Steps for installing sphae workflow 

```bash
#clone sphae repository
git clone https://github.com/linsalrob/sphae.git

#move to sphae folder
cd sphae

#install sphae
pip install -e .

#confirm the workflow is installed by running the below command 
sphae --help
```

## Installing databases
Run command,

```
sphae install
```

  Install the databases to a directory, `sphae/workflow/databases`

  This workflow requires the 
  - Pfam35.0 database to run viral_verify for contig classification. 
  - CheckV database to test for phage completeness
  - Pharokka databases 
  - Phynteny models

This step takes approximately 1hr 30min to install and requires 9G of storage

## Running the workflow

The command `sphae run` will run QC, assembly and annotation

**Commands to run**

Only one command needs to be submitted to run all the above steps: QC, assembly and assembly stats

```bash
#For illumina reads, place the reads both forward and reverse reads to one directory
sphae run --input tests/data/illumina-subset --output example -k 

#For nanopore reads, place the reads, one file per sample in a directory
sphae run --input tests/data/nanopore-subset --sequencing longread --output example -k

#To run either of the commands on the cluster, add --profile slurm to the command. For instance here is the command for longreads/nanopore reads 
#Before running this below command, make sure have slurm config files setup, here is a tutorial, https://fame.flinders.edu.au/blog/2021/08/02/snakemake-profiles-updated 
sphae run --input tests/data/nanopore-subset --preprocess longread --output example --profile slurm -k
```

**Output**

Output is saved to `example/RESULTS` directory.
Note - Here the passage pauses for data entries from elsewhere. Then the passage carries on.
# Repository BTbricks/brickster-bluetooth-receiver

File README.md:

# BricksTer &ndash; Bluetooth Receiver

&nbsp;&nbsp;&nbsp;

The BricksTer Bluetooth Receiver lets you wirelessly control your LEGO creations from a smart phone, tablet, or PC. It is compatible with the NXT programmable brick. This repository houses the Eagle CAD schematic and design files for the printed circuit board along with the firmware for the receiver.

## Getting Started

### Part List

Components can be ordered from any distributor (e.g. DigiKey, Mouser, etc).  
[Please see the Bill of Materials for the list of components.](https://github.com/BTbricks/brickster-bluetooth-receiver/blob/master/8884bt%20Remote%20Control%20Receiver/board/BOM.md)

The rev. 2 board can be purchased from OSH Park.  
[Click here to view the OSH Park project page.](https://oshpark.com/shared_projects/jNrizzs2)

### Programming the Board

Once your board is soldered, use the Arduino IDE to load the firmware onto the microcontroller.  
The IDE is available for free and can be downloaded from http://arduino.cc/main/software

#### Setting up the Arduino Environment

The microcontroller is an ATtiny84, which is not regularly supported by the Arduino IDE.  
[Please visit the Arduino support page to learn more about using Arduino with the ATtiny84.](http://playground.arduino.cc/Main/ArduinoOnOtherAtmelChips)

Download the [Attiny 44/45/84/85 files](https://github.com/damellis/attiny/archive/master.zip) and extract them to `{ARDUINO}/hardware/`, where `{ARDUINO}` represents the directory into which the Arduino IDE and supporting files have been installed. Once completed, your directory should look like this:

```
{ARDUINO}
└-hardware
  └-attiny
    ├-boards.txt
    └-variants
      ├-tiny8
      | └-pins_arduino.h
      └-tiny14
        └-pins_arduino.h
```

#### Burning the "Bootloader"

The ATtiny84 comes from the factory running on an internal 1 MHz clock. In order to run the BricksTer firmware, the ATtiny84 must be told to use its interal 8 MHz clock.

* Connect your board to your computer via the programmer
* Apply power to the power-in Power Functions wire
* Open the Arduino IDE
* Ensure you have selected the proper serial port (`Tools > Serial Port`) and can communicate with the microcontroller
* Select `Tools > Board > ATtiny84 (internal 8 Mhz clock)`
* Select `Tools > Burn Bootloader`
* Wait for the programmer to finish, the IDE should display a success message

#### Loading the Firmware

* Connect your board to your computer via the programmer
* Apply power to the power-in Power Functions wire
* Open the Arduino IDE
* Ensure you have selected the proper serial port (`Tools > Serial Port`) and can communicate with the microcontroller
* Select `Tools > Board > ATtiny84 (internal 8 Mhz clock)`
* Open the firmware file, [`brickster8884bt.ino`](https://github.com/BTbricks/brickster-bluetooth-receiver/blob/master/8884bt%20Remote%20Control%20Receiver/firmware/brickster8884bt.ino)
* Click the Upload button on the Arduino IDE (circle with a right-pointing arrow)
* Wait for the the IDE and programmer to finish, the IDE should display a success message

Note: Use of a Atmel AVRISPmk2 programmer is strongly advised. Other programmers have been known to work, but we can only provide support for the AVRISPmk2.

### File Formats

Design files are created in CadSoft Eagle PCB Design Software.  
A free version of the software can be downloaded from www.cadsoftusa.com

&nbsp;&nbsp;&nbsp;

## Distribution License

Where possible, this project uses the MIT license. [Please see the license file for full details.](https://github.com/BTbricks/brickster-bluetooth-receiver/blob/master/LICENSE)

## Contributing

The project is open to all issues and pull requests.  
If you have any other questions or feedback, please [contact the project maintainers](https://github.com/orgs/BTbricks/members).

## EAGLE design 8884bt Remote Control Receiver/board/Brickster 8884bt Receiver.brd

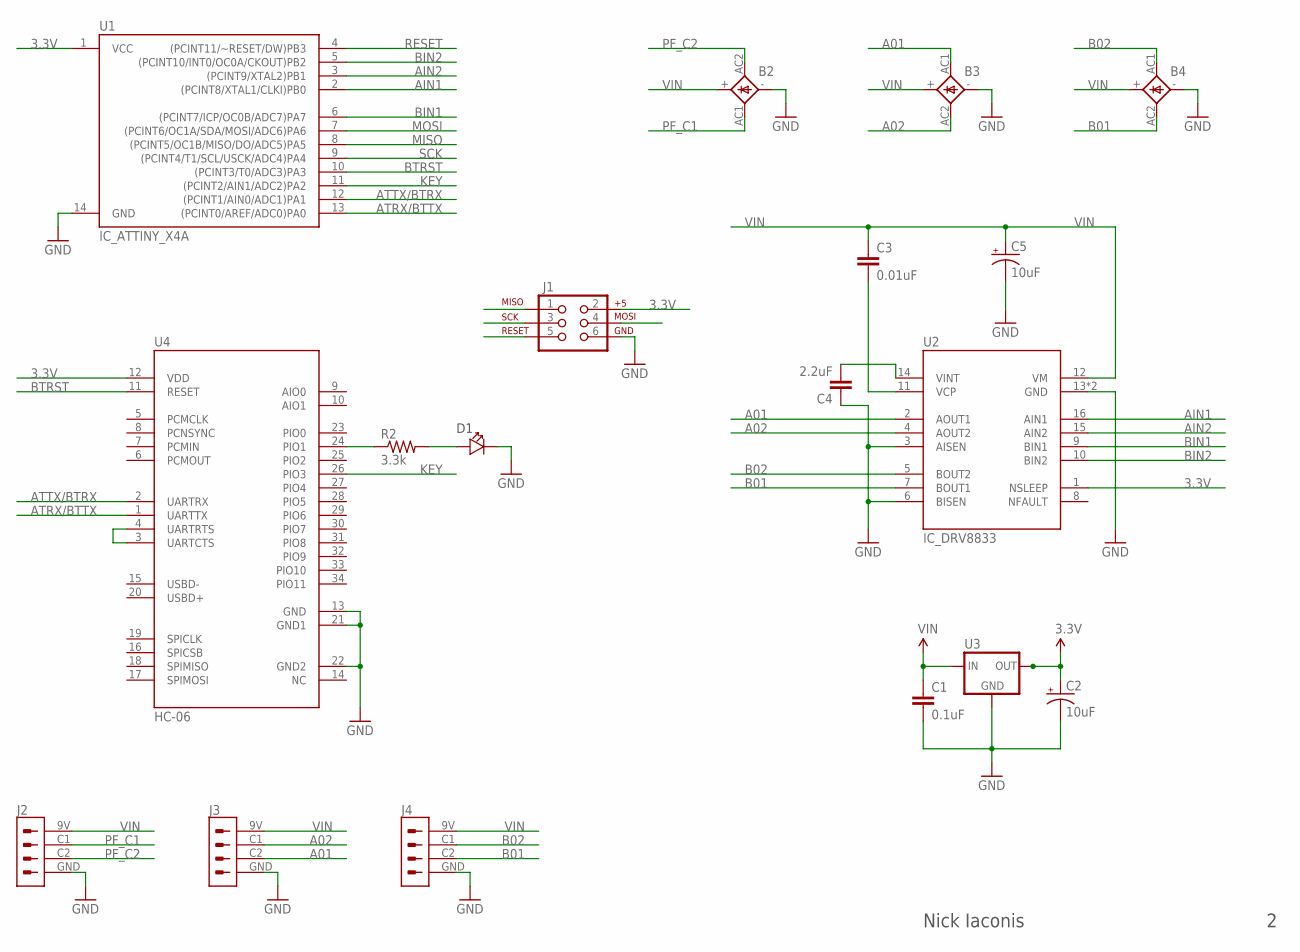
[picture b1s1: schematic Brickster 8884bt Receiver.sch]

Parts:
B2, B3, B4: B_CDBHM240L-HF; MBS-2
C1: 0.1uF; 0805
C2, C5: 10uF; 1206
C3: 0.01uF; 0805
C4: 2.2uF; 0805
D1: LED0805; 0805_POL
J1: AVR_SPI_PRG_6NS; 2X3-NS
J2, J3, J4: CON_PF_SMD; SMD_PF
R2: 3.3k; 0805
U1: IC_ATTINY_X4A; 14S1
U2: IC_DRV8833; PWP_R-PDSO-G16
U3: IC_RT9164A; SOT223
U4: HC-06; BLUETOOTH_SMD

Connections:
3.3V: C2.1 (+), J1.2, U1.1 (VCC), U2.1 (NSLEEP), U3.2 (OUT), U3.4, U4.12 (VDD)
A01: B3.AC1, J3.C2, U2.2 (AOUT1)
A02: B3.AC2, J3.C1, U2.4 (AOUT2)
AIN1: U1.2 ((PCINT8/XTAL1/CLKI)PB0), U2.16 (AIN1)
AIN2: U1.3 ((PCINT9/XTAL2)PB1), U2.15 (AIN2)
ATRX/BTTX: U1.13 ((PCINT0/AREF/ADC0)PA0), U4.1 (UARTTX)
ATTX/BTRX: U1.12 ((PCINT1/AIN0/ADC1)PA1), U4.2 (UARTRX)
B01: B4.AC2, J4.C2, U2.7 (BOUT1)
B02: B4.AC1, J4.C1, U2.5 (BOUT2)
BIN1: U1.6 ((PCINT7/ICP/OC0B/ADC7)PA7), U2.9 (BIN1)
BIN2: U1.5 ((PCINT10/INT0/OC0A/CKOUT)PB2), U2.10 (BIN2)
BTRST: U1.10 ((PCINT3/T0/ADC3)PA3), U4.11 (RESET)
GND: B2.-, B3.-, B4.-, C1.P$2 (2), C2.2 (-), C4.P$1 (1), C5.2 (-), D1.P$1, J1.6, J2.GND, J3.GND, J4.GND, U1.14 (GND), U2.3 (AISEN), U2.6 (BISEN), U2.13 (GND), U2.17 (GND), U3.1 (GND), U4.13 (GND), U4.21 (GND1), U4.22 (GND2)
KEY: U1.11 ((PCINT2/AIN1/ADC2)PA2), U4.26 (PIO3)
LED: R2.P$1 (1), U4.24 (PIO1)
MISO: J1.1, U1.8 ((PCINT5/OC1B/MISO/DO/ADC5)PA5)
MOSI: J1.4, U1.7 ((PCINT6/OC1A/SDA/MOSI/ADC6)PA6)
unnamed: C3.P$2 (2), U2.11 (VCP)
unnamed: C4.P$2 (2), U2.14 (VINT)
unnamed: U4.3 (UARTCTS), U4.4 (UARTRTS)
unnamed: D1.P$2, R2.P$2 (2)
PF_C1: B2.AC1, J2.C1
PF_C2: B2.AC2, J2.C2
RESET: J1.5, U1.4 ((PCINT11/~RESET/DW)PB3)
SCK: J1.3, U1.9 ((PCINT4/T1/SCL/USCK/ADC4)PA4)
VIN: B2.+, B3.+, B4.+, C1.P$1 (1), C3.P$1 (1), C5.1 (+), J2.9V, J3.9V, J4.9V, U2.12 (VM), U3.3 (IN)

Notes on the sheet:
Nick Iaconis

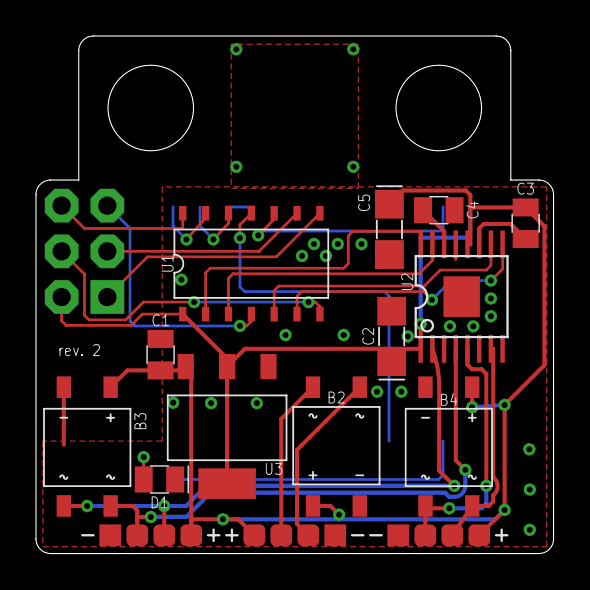
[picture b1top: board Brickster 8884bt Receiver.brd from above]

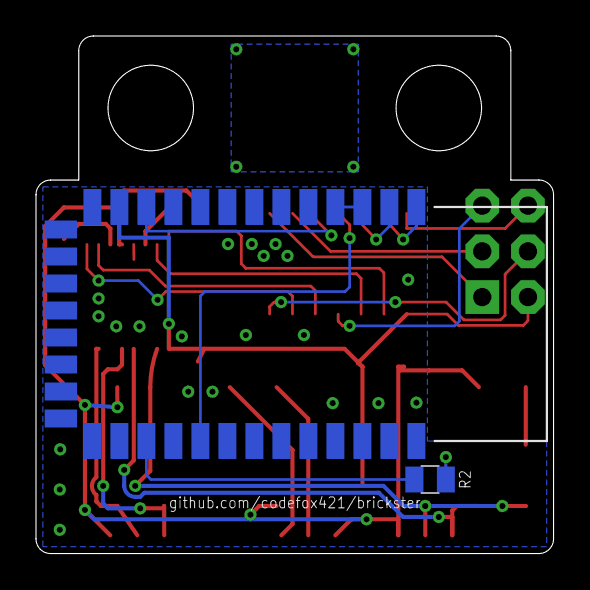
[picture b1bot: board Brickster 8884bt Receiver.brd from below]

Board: 2 copper layers, 28.8 x 28.8 mm, 20 parts (3 on the bottom side), 26 nets.

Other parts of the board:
LOGO1, LOGO2: OSHW-LOGOM; OSHW-LOGO-M-MASK

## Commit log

2014-02-27 Clear bluetooth-receiver history in order to merge with android into master
2014-03-19 Only build the master branch
2014-03-19 Remove readme from bluetooth branch
2014-03-19 Include gitignore in bluetooth branch
2014-03-20 Update receiver to revision 1a
2014-03-20 Update board & schematic images
2014-04-10 Implement command architecture described at http://codepen.io/anon/pen/nxhzt/ Prepare firmware for switch to drv8833 motor driver chip
2014-04-28 Add drv8833 to library and schematic
2014-05-11 Add HC-06
2014-05-12 Route rev. 2 board
    Need to change OSH logo to t/b-stop
2014-05-12 Change regulator manufacturer
2014-06-12 Route rev. 2 board
    Use SMD pads for Power Functions connections
    (threading PF wire through tiny vias is too difficult)
2014-06-29 Update firmware for rev. 2 board
2014-06-29 Update schematic/board PNGs
2014-06-29 Uncomment missing lines necessary for rev. 2
2014-07-16 Fix run-away-at-same-speed bug
2014-07-16 Remove unreferenced variable
2014-08-11 Fix bug when braking with drv8833
2014-08-14 Increase baudrate to 57600
2014-08-14 Write literal bytes instead of decimal representations
2014-08-21 Use default 9600 baud rate
    The baud rate of 57600 was causing some stability issues. The ATtiny84's
    internal oscillator is too sensitive to the environment (mostly
    temperature) to use such a high rate. The default of 9600 should be just
    fine now that only one single byte is being sent for every byte
    received.
2014-08-21 Don't restart the Bluetooth module at boot
    Since we aren't changing the baud rate, we no longer need to reset the
    Bluetooth module at boot
2015-07-20 Move ino file into a sketch directory
    This will allow Arduino IDE to open it in place.
2015-07-20 Ensure Bluetooth module is enabled on boot
    Without explicitly writing HIGH to the !BTRST line, the module could be
    in reset mode.
2016-02-15 Update gitignore
2016-02-15 Update library
2016-02-15 Update DRC file

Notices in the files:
parts and their libraries:
SparkFun-Connectors: Licensing: CC v3.0 Share-Alike You are welcome to use this library for commercial purposes.

In this directory, there will be four files 
  - Genome annotations in GenBank format (Phynteny output)
  - Genome in fasta format (either the reoriented to terminase output from Pharokka, or assembled viral contigs)
  - Circular visualization in `png` format (Pharokka output)
  - Genome summary file

Genome summary file includes the following information to help, 
  - Sample name
  - Length of the genome 
  - Coding density
  - If the assembled contig is circular or not (From the assembly graph)
  - Completeness (calculated from CheckV)
  - Contamination (calculated from CheckV)
  - Taxonomy accession ID (Pharokka output, searches the genome against INPHARED database using mash)
  - Taxa mash includes the number of matching hashes of the assembled genome to the accession ID/Taxa name. Higher the matching hash- more likely the genome is related to the taxa predicted
  - Gene searches:
    - Whether integrase is found (search for integrase gene in annotations)
    - Whether anti-microbial genes were found (Pharokka search against AMR database)
    - Whether any virulence factors were found (Pharokka search against virulence gene database)
    - Whether any CRISPR spacers were found (Pharokka search against MinCED database) 
 
## Issues and Questions

This is still a work in progress, so if you come across any issues or errors, report them under Issues.